The other principle type of proportional reinsurance is called a surplus treaty. It can be best thought of as a variable quota share, see the previous post. The company that is being reinsured is called the ceding company. Remember, in a quota share treaty, the ceding company, usually a insurance company, agrees to give the reinsurers a fixed percentage of its premiums, less a commission, for part or all of its business in return for the reinsurers paying the same fixed percentage of the losses from that business.
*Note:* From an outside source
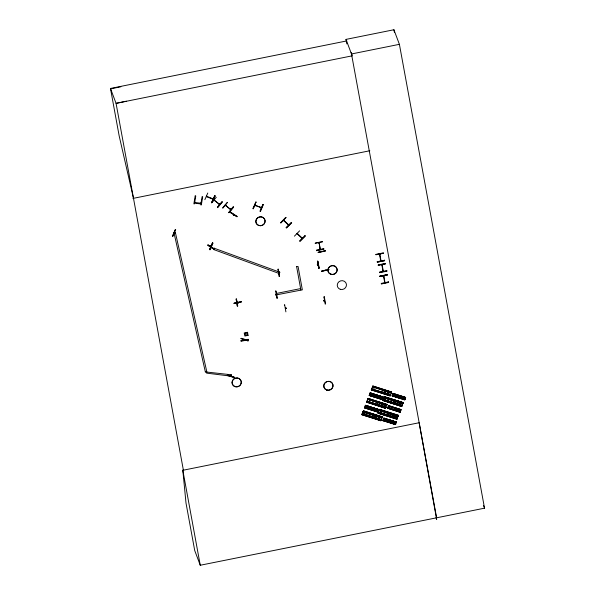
<?xml version="1.0" encoding="UTF-8"?>
<svg xmlns="http://www.w3.org/2000/svg" width="595" height="595" viewBox="0 0 595 595"><rect width="100%" height="100%" fill="white"/><g stroke="black" fill="none" stroke-linecap="round" stroke-linejoin="round"><path stroke-width="0.89" d="M379.908 254.682L379.498 254.058L380.718 260.915M380.785 261.056L380.584 260.127M382.213 265.192L381.804 264.567M383.091 271.565L382.89 270.636M244.292 339.537C245.348 339.001 244.233 341.225 244.292 339.224M244.664 339.47L244.181 340.533M318.742 242.671L319.18 243.348L319.084 242.582M320.288 249.476L319.106 242.708M234.378 377.223L227.402 375.014M227.409 374.954L227.312 375.452L234.289 377.676M283.755 220.262L283.332 220.187M284.12 220.708L283.592 220.217M288.159 224.798L288.88 225.066M321.687 251.804L322.014 251.901M325.056 270.145L325.465 270.071M231.329 375.646L231.15 376.122M244.195 340.377L244.463 339.775M244.359 340.459L244.679 339.924M211.597 246.122L211.225 246.94M231.195 374.597L231.031 376.159L206.577 373.125L206.807 371.741L175.443 232.824M225.111 205.491L225.914 205.699L225.185 205.007M231.068 209.507L230.258 209.232L230.905 209.708M382.183 417.013L380.852 420.747L361.931 414.737L363.419 410.81L382.325 416.857L382.131 417.37L363.218 411.353L382.213 417.058M362.132 414.202L381.023 420.286L362.013 414.425M362.377 413.54L381.283 419.587L381.097 420.085L362.176 414.075L362.377 413.54L381.276 419.624M362.972 412.008L363.173 411.472L382.079 417.519L381.886 418.032L362.972 412.008L381.916 417.95M363.411 410.833L382.317 416.894M364.534 407.85L365.516 405.262L378.115 409.315L377.133 411.896L364.519 407.88L377.156 411.844M365.218 406.058L365.352 405.701L377.959 409.732L365.218 406.058L377.847 410.052M378.13 409.278L377.996 409.635L365.509 405.277M366.684 402.041L385.724 407.806L385.523 408.341L366.684 401.967L368.104 398.397L387.003 404.474L368.104 398.397M366.884 401.618L385.798 407.642L366.862 401.662L367.063 401.127L385.962 407.203M367.055 401.149L385.969 407.166M386.765 405.098L386.564 405.612L367.725 399.245L386.765 405.076L367.829 399.148M386.884 404.674L367.933 398.851M369.205 395.459L370.194 392.841L382.808 396.872L381.819 399.476L369.205 395.459L381.834 399.453M382.116 398.68L381.983 399.037L369.413 394.79L382.109 398.717M371.295 389.904L372.79 385.977L391.681 392.06L390.208 395.928L371.295 389.904L390.216 395.913M371.481 389.428L390.409 395.385M372.433 386.832L391.257 393.183L391.451 392.663L372.507 386.728M372.611 386.475L391.577 392.224M372.782 385.999L391.666 392.09M377.304 411.457L377.431 411.1L364.728 407.203L377.431 411.115M397.125 418.702L378.212 412.677L378.011 413.213L396.924 419.237L398.412 415.31L379.498 409.293L378.085 412.937M378.204 412.699L397.096 418.791M397.17 418.575L397.371 418.04L378.323 412.201L397.177 418.568L378.279 412.514M378.457 412.038L397.356 418.099M379.075 410.446L397.988 416.47L379.052 410.49L379.253 409.948L398.062 416.165M379.246 409.97L398.159 415.994M379.365 409.472L398.211 415.846L379.365 409.472L398.405 415.332M382.57 397.445L369.897 393.645L370.031 393.288L382.697 397.192L370.194 392.856M401.759 406.162L382.979 399.981L401.714 406.474L382.778 400.495L384.139 396.746L403.179 402.592L401.692 406.519M401.975 405.775L383.098 399.483L402.138 405.321L401.937 405.857L402.123 405.381M383.225 399.319L402.108 405.411M383.842 397.728L384.02 397.229L402.934 403.254L402.733 403.789L383.82 397.765L402.755 403.745M384.02 397.252L402.904 403.343M384.095 397.066L402.994 403.113L384.139 396.753L403.165 402.651M384.266 396.59L403.15 402.681M380.845 420.762L381.038 420.226M381.09 420.1L362.243 413.726M382.838 420.643L382.972 420.286L395.586 424.317L382.838 420.643L395.474 424.637M383.024 420.182L395.742 423.908L383.031 420.152M383.537 418.828L383.671 418.471L396.27 422.524L383.559 418.776M385.776 407.679L385.977 407.144M386.817 404.95L387.018 404.414M387.516 408.177L400.123 412.216L387.546 407.977L388.498 405.589L401.112 409.62L388.498 405.604M387.732 407.538L400.42 411.428M390.454 395.266L390.655 394.73L371.615 388.892L390.528 394.991M393.072 393.399L405.701 397.371L404.719 399.966L392.098 395.958L393.005 393.511M392.804 394.113L405.411 398.144M405.589 397.691L392.998 393.466L405.574 397.713M397.966 416.507L398.167 415.972M400.115 412.223L401.015 409.724M213.865 249.171L207.804 245.207L213.865 249.149L214.059 248.717M207.997 244.932L214.103 248.836L208.005 244.902M325.123 270.1L325.435 270.361M361.953 414.7L380.874 420.68M362.199 414.038L381.12 420.018M364.579 407.672L377.26 411.576L364.653 407.523M365.263 405.879L377.892 409.851M366.639 402.279L385.545 408.304M369.25 395.281L381.864 399.245M369.383 394.991L382.005 398.985M369.421 394.835L382.042 398.829M378.033 413.175L396.954 419.155M378.353 412.209L397.267 418.233L378.323 412.201M382.637 397.341L370.016 393.34M382.801 400.45L401.729 406.437M384.139 396.828L403.075 402.785M381.975 417.69L363.054 411.695L382.064 417.556M385.597 408.066L366.81 401.781M382.89 420.464L383.835 418.025L396.448 422.056L383.701 418.389L396.448 422.041L395.511 424.451M396.285 422.487L383.663 418.486M383.827 418.069L396.329 422.108M404.838 399.632L392.15 395.749L404.89 399.505L392.395 395.162M392.916 393.823L405.53 397.839M400.331 411.599L387.717 407.53M400.933 410.089L388.245 406.154L400.926 410.104M402.808 403.514L383.887 397.415M404.92 399.349L392.313 395.311L404.942 399.305M227.416 375.155L234.423 377.342L234.281 377.721M283.778 220.648L284.12 220.596M297.366 233.954L297.775 234.013L297.173 233.515M302.461 238.372L301.695 238.015M381.068 260.974L379.766 254.08M237.531 302.476C237.755 304.99 238.558 301.39 237.1 302.416M320.281 249.58L320.088 248.65M237.755 302.253L237.859 302.55M278.877 272.57L279.695 272.413L278.921 272.815M275.693 294.979L275.5 294.651L276.296 294.532M286.069 308.53L286.002 308.136M318.124 264.931C315.878 265.37 319.351 264.21 317.209 264.693M323.829 300.899L324.595 300.698M365.858 408.058L366.706 405.79M370.544 395.638L371.392 393.369M363.932 415.005L365.204 411.606M368.617 402.584L369.889 399.186M373.303 390.171L374.575 386.772M376.88 395.125L376.01 397.341M372.626 410.215L373.459 407.895M373.764 410.572L374.597 408.259M379.298 395.891L378.427 398.107M372.165 417.63L373.437 414.232M376.851 405.21L378.123 401.811M381.529 392.797L382.808 389.398M375.899 408.713L375.029 410.929M379.729 398.561L380.562 396.248M376.747 408.988L375.884 411.204M374.084 418.24L375.356 414.841M378.77 405.82L380.041 402.421M383.448 393.407L384.727 390.008M375.787 418.783L377.066 415.384M380.473 406.363L381.745 402.964M385.158 393.942L386.43 390.543M377.706 419.393L378.985 415.994M382.392 406.973L383.663 403.574M380.012 413.48L381.291 410.081M384.779 400.762L386.058 397.363M387.077 394.552L388.349 391.153M378.993 419.802L380.264 416.403M383.671 407.382L384.95 403.983M388.356 394.961L389.628 391.562M385.59 407.991L386.869 404.593M384.177 420.821L385.024 418.553M388.84 408.386L389.688 406.117M393.429 396.136L394.284 393.868M388.245 416.106L389.517 412.707M393.012 403.388L394.292 399.989M390.164 416.716L391.436 413.317M394.931 403.998L396.211 400.599M389.666 422.576L390.498 420.256M399.773 395.623L398.903 397.839M391.867 417.259L393.146 413.86M396.642 404.533L397.914 401.134M391.8 420.717L390.93 422.933M393.786 417.869L395.065 414.47M398.561 405.143L399.833 401.744M395.073 418.278L396.344 414.879M399.84 405.552L401.112 402.153M398.025 411.309L398.858 408.996M402.622 399.059L403.455 396.746M403.477 399.334L404.303 397.014M241.101 338.681L241.25 338.302L248.212 340.571L248.07 340.95L241.079 338.525M253.239 208.763L255.999 202.01L252.86 208.622L253.239 208.763L255.969 201.928M260.833 207.856L261.532 207.692L254.794 205.26L255.456 205.528L255.196 205.818M260.796 207.789L260.908 207.268M262.938 204.539L263.317 204.68L260.506 211.381L260.119 211.247L262.893 204.42M263.027 204.561L260.075 211.121M279.724 272.049L279.241 273.529L213.769 249.573L214.26 248.085M172.758 236.215L175.629 229.529M175.696 229.573L175.317 229.432L172.446 236.118L172.825 236.26L175.607 229.439M174.796 233.329C175.651 232.667 173.866 233.597 174.402 232.571M209.998 249.736L212.869 243.05L210.013 249.759L209.633 249.617L212.46 242.805M212.884 243.065L212.504 242.931L209.589 249.491M204.844 199.682L207.796 193.025M207.216 196.662L206.383 196.157M212.534 199.042L213.285 198.983M212.103 202.545L215.085 195.904L212.14 202.568L211.761 202.426L214.713 195.673M214.795 195.785L211.716 202.3M211.329 246.241L211.017 246.739L211.389 245.98M371.555 389.227L390.491 395.184M369.257 395.251L381.886 399.252M362.273 413.733L381.157 419.825M383.039 399.825L402.034 405.515M378.093 412.9L397.021 418.895M194.743 202.174L195.145 202.337M200.604 202.902L201.006 203.066M248.048 340.794L241.109 338.607M279.591 272.726L279.635 272.265M286.002 308.173L285.496 308.27M286.113 308.47L285.392 308.582M248.026 335.424L247.572 332.27L244.203 332.955L244.902 336.049L248.13 335.283M371.496 389.368L390.305 395.578M381.016 420.315L361.998 414.388M405.009 399.178L404.734 399.691M395.757 423.863L383.061 419.996L395.735 423.923M230.905 212.824L231.143 212.489L237.197 216.439L236.959 216.766L230.853 212.698M233.701 214.832L233.337 215.293L233.671 214.81M233.634 215.457L234.036 214.862M236.438 299.017L237.74 306.046L237.331 306.12L236.498 299.032L236.089 299.114M284.678 304.952L285.897 311.862M230.756 209.648L225.252 205.052M233.262 206.621L228.659 212.475L228.978 212.713L233.634 206.978L228.971 212.69M214.654 200.575L213.917 200.403M214.245 200.173L219.592 204.65L219.012 204.278L219.265 203.832M217.398 207.432L222.128 201.764L222.418 202.003L217.688 207.677L217.368 207.432L222.054 201.645M384.779 282.826L384.638 282.052M237.747 303.465L237.606 302.684M237.985 303.346L237.903 302.647M320.184 248.814L320.028 249.632M230.92 212.75L237.011 216.669M285.823 217.406L280.595 222.664L280.885 222.932L286.031 217.532M291.357 222.411L286.173 227.788L286.47 228.056L291.691 222.798M291.468 222.582L286.128 227.662M294.413 236.178L299.62 230.838M304.982 235.754L299.761 241.087L300.051 241.362L305.272 236.096L304.938 235.709M305.049 235.888L299.716 240.968M211.292 246.218L211.679 246.308M174.313 232.801L174.997 233.054M211.017 246.389L210.199 245.951M384.764 282.751L383.507 275.901L383.559 276.549L383.939 276.392M213.151 199.236L206.472 196.722L206.636 196.357M324.476 300.468L323.777 300.854L324.58 300.735M317.975 264.998L317.41 265.095M279.114 276.281L279.524 276.199L278.282 269.193L277.872 269.267L279.144 276.259M236.096 299.099L237.331 306.12M276.199 294.875L275.47 294.778M302.238 238.565L297.046 233.753M174.03 233.166L175.518 233.009M205.327 371.897L231.262 374.776M230.51 208.852L230.206 209.083M230.808 209.671L225.416 205.282M214.222 200.203L219.719 204.375M110.625 88.886L120.889 86.751M126.326 101.21L116.062 103.344L110.469 88.462L346.781 40.914M346.833 43.896L346.007 39.389L393.92 29.75L399.401 44.328L484.531 508.182L200.255 565.25L194.721 550.524L186.004 503.043L182.829 470.288L183.386 470.176L116.062 103.344L352.374 55.796M346.007 39.389L351.489 53.967L399.401 44.328M132.93 198.418L369.8 150.758M296.578 266.62L298.073 266.515L302.349 289.847L276.459 294.86M383.217 252.905L375.891 254.392L375.966 254.764L383.284 253.292L383.217 252.92M383.284 253.292L375.914 254.608M384.638 260.677L377.312 262.135L384.638 260.684L384.526 260.171M385.523 263.414L378.197 264.909L378.271 265.273L385.59 263.801L385.523 263.429M378.219 265.117L385.59 263.801M386.884 270.844L379.55 272.294L379.625 272.666L386.951 271.194L386.876 270.799L379.513 272.153M276.206 293.499L300.609 288.59M387.211 274.674L379.893 276.169L387.211 274.674L387.278 275.068L379.908 276.377M387.278 275.068L379.937 276.43M182.829 470.288L419.14 422.74L436.678 519.413L436.038 517.71M318.199 252.362L325.524 250.897M318.213 252.414L325.502 250.77L318.169 252.28M321.605 271.03L328.976 269.699L321.687 271.342M321.65 271.186L328.931 269.58M315.231 243.229L322.579 241.882L322.512 241.496L315.201 243.154M316.443 250.197L323.821 248.888L323.888 249.275L316.555 250.703L316.488 250.317M316.503 250.398L323.777 248.77M317.44 261.183L317.894 261.227L319.128 268.233L318.675 268.189M278.958 272.555L279.591 272.406M278.995 272.8L279.657 272.674M275.559 294.674L276.221 294.547M241.384 301.866L234.051 303.264M234.073 303.376L241.399 301.948L241.332 301.561L234.021 303.219M275.656 291.029L276.11 291.067L277.344 298.08L276.891 298.036M277.344 298.08L276.935 298.154L275.708 291.029M324.342 296.979L323.903 296.95M324.357 296.994L323.955 297.069L325.19 304.075L325.599 304L324.32 296.979M284.343 305.034L284.708 304.833M285.429 308.322L286.091 308.195M317.849 261.22L319.113 268.226M318.779 268.278L317.522 261.264M392.209 395.66L404.823 399.676M382.793 396.917L370.112 392.968L382.697 396.924M382.853 400.219L401.766 406.236M367.725 399.245L386.661 405.269M387.546 407.977L400.182 411.993M387.524 408.155L400.137 412.171M366.788 401.87L385.694 407.895M378.108 409.338L365.427 405.388L378.011 409.345M377.364 411.227L364.728 407.203L377.327 411.405M383.582 418.59L396.263 422.547M382.882 420.412L395.497 424.428M261.51 207.752L254.69 205.104M214.326 248.264L279.791 272.227M210.429 245.899L211.121 246.151M215.085 195.911L214.661 195.643M383.046 271.476L381.819 264.641M227.431 202.382L222.865 208.183L222.537 207.945L227.431 202.322M213.159 198.894L206.45 196.186M280.833 222.872L285.816 217.413M288.82 225.014L283.51 220.001M283.465 220.447L288.642 225.2M302.379 238.238L297.091 233.307M382.124 264.656L383.329 271.439M383.812 275.916L385.017 282.707M351.132 52.486L352.062 54.971M483.564 505.609L484.531 508.182M388.52 281.941L381.202 283.413M377.2 261.644L377.319 262.157M402.168 396.337L401.32 398.605M401.03 395.98L400.182 398.241M399.714 409.263L398.866 411.532M397.579 408.587L396.731 410.855M396.441 408.23L395.593 410.49M395.162 407.82L394.314 410.089M395.05 421.706L394.202 423.967M394.195 421.431L393.347 423.7M392.916 421.022L392.068 423.29M381.417 396.515L380.562 398.784M378.145 395.482L377.289 397.75M372.18 407.493L371.325 409.754M323.68 300.46L323.777 300.854M300.862 289.951L296.645 266.805M279.524 276.199L278.222 269.171M286.106 308.032L286.21 308.426M216.283 197.257L211.552 202.932M237.851 302.104L237.955 302.505M248.227 339.299L240.901 340.727M174.231 232.586L174.335 233.121M133.488 198.306L119.179 135.943L110.469 88.462M174.104 233.344L205.394 372.083M393.92 29.75L394.426 32.487M351.489 53.967L436.618 517.821M379.885 276.154L379.96 276.541M276.273 293.685L276.526 295.046M182.814 470.221L200.255 565.25M319.054 242.641L320.266 249.506M317.485 261.302L318.719 268.315M244.359 339.455L244.471 340.087M195.19 195.926L193.873 203.825L194.401 203.892L194.52 203.178L200.894 203.959L200.746 204.873L201.326 204.948L202.702 196.714L202.114 196.647L201.013 203.237L194.699 202.471L195.77 196L195.19 195.926M366.944 401.35L385.872 407.337L366.959 401.32M245.147 333.319L245.311 335.104L247.17 334.888L247.007 333.103L245.147 333.319M384.571 260.29L377.252 261.763L384.571 260.335M388.565 282.067L381.313 283.904L388.639 282.454L388.565 282.067M248.279 339.418L240.945 340.868L241.012 341.24L248.346 339.805L248.279 339.418M330.961 274.325A4.648 4.41 -20.6 0 0 337.09 269.185A4.648 4.41 -20.6 0 0 329.578 266.791A4.648 4.41 -20.6 0 0 330.961 274.325M330.924 274.236A4.648 4.41 -20.6 0 0 337.06 269.096A4.648 4.41 -20.6 0 0 329.548 266.701A4.648 4.41 -20.6 0 0 330.924 274.236M258.885 225.542A4.671 4.44 -20.6 0 0 265.05 220.373A4.648 4.41 -20.6 0 0 257.494 217.949A4.648 4.41 -20.6 0 0 258.877 225.475A4.648 4.41 -20.6 0 0 265.013 220.343A4.671 4.44 -20.6 0 0 257.494 217.971A4.671 4.44 -20.6 0 0 258.885 225.542M340.281 289.319A4.648 4.41 -20.6 0 0 346.409 284.187A4.648 4.41 -20.6 0 0 338.897 281.792A4.648 4.41 -20.6 0 0 340.281 289.319M235.107 386.683A4.656 4.425 -20.6 0 0 241.25 381.536A4.656 4.425 -20.6 0 0 233.716 379.141A4.656 4.425 -20.6 0 0 235.107 386.683M235.07 386.594A4.656 4.425 -20.6 0 0 241.213 381.447A4.656 4.425 -20.6 0 0 233.686 379.045A4.656 4.425 -20.6 0 0 235.07 386.594M326.826 390.06A4.656 4.425 -20.6 0 0 332.969 384.913A4.656 4.425 -20.6 0 0 325.435 382.511A4.656 4.425 -20.6 0 0 326.826 390.06M326.789 389.963A4.656 4.425 -20.6 0 0 332.932 384.816A4.656 4.425 -20.6 0 0 325.406 382.421A4.656 4.425 -20.6 0 0 326.789 389.963"/></g></svg>

The percentage of premiums remains the same regardless of whether the risk being covered is a $50,000 cabin in the woods or a $600,000 home in suburbia.
An insurance company may feel that it can absorb smaller losses without too much of an impact on its balance sheet or P&L. It might also want a larger share of the premiums from smaller risks and a smaller share of losses from the larger risks. The surplus treaty is a way to achieve all these objectives.
With a surplus treaty, the ceding company keeps all the premiums and losses for risks that are valued at less than some fixed amount. This part of the concept is fairly easy to understand. It is the next part that sometimes throws a curve for people. When the risk is greater than this fixed amount, then all premiums and losses are shared in proportion that this fixed amount has to the total value of the risk.
I hope a couple of examples will clarify the sharing. We will examine three different risks, the $60,000 cabin, a $200,000 starter home and the $600,000 home. The fixed amount that we will use is $100,000. Since the cabin’s value is less than $100,000, the ceding company keeps all the premiums that it receives for insuring the cabin and pays all of the loss that it may have from that cabin.
The starter home is valued at twice the fixed amount, $200,000 vs. $100,000. Thus, the insurer’s share of the premiums and losses is 50%. It will give or cede 50% of the premiums and will recover 50% of all the losses associated with this house and not just those that are greater than the fixed amount of $100,000. In the last example, the insurer’s share is 1/6th of the premiums and losses and the reinsurers’ share is 5/6th , $600,000 vs. $100,000.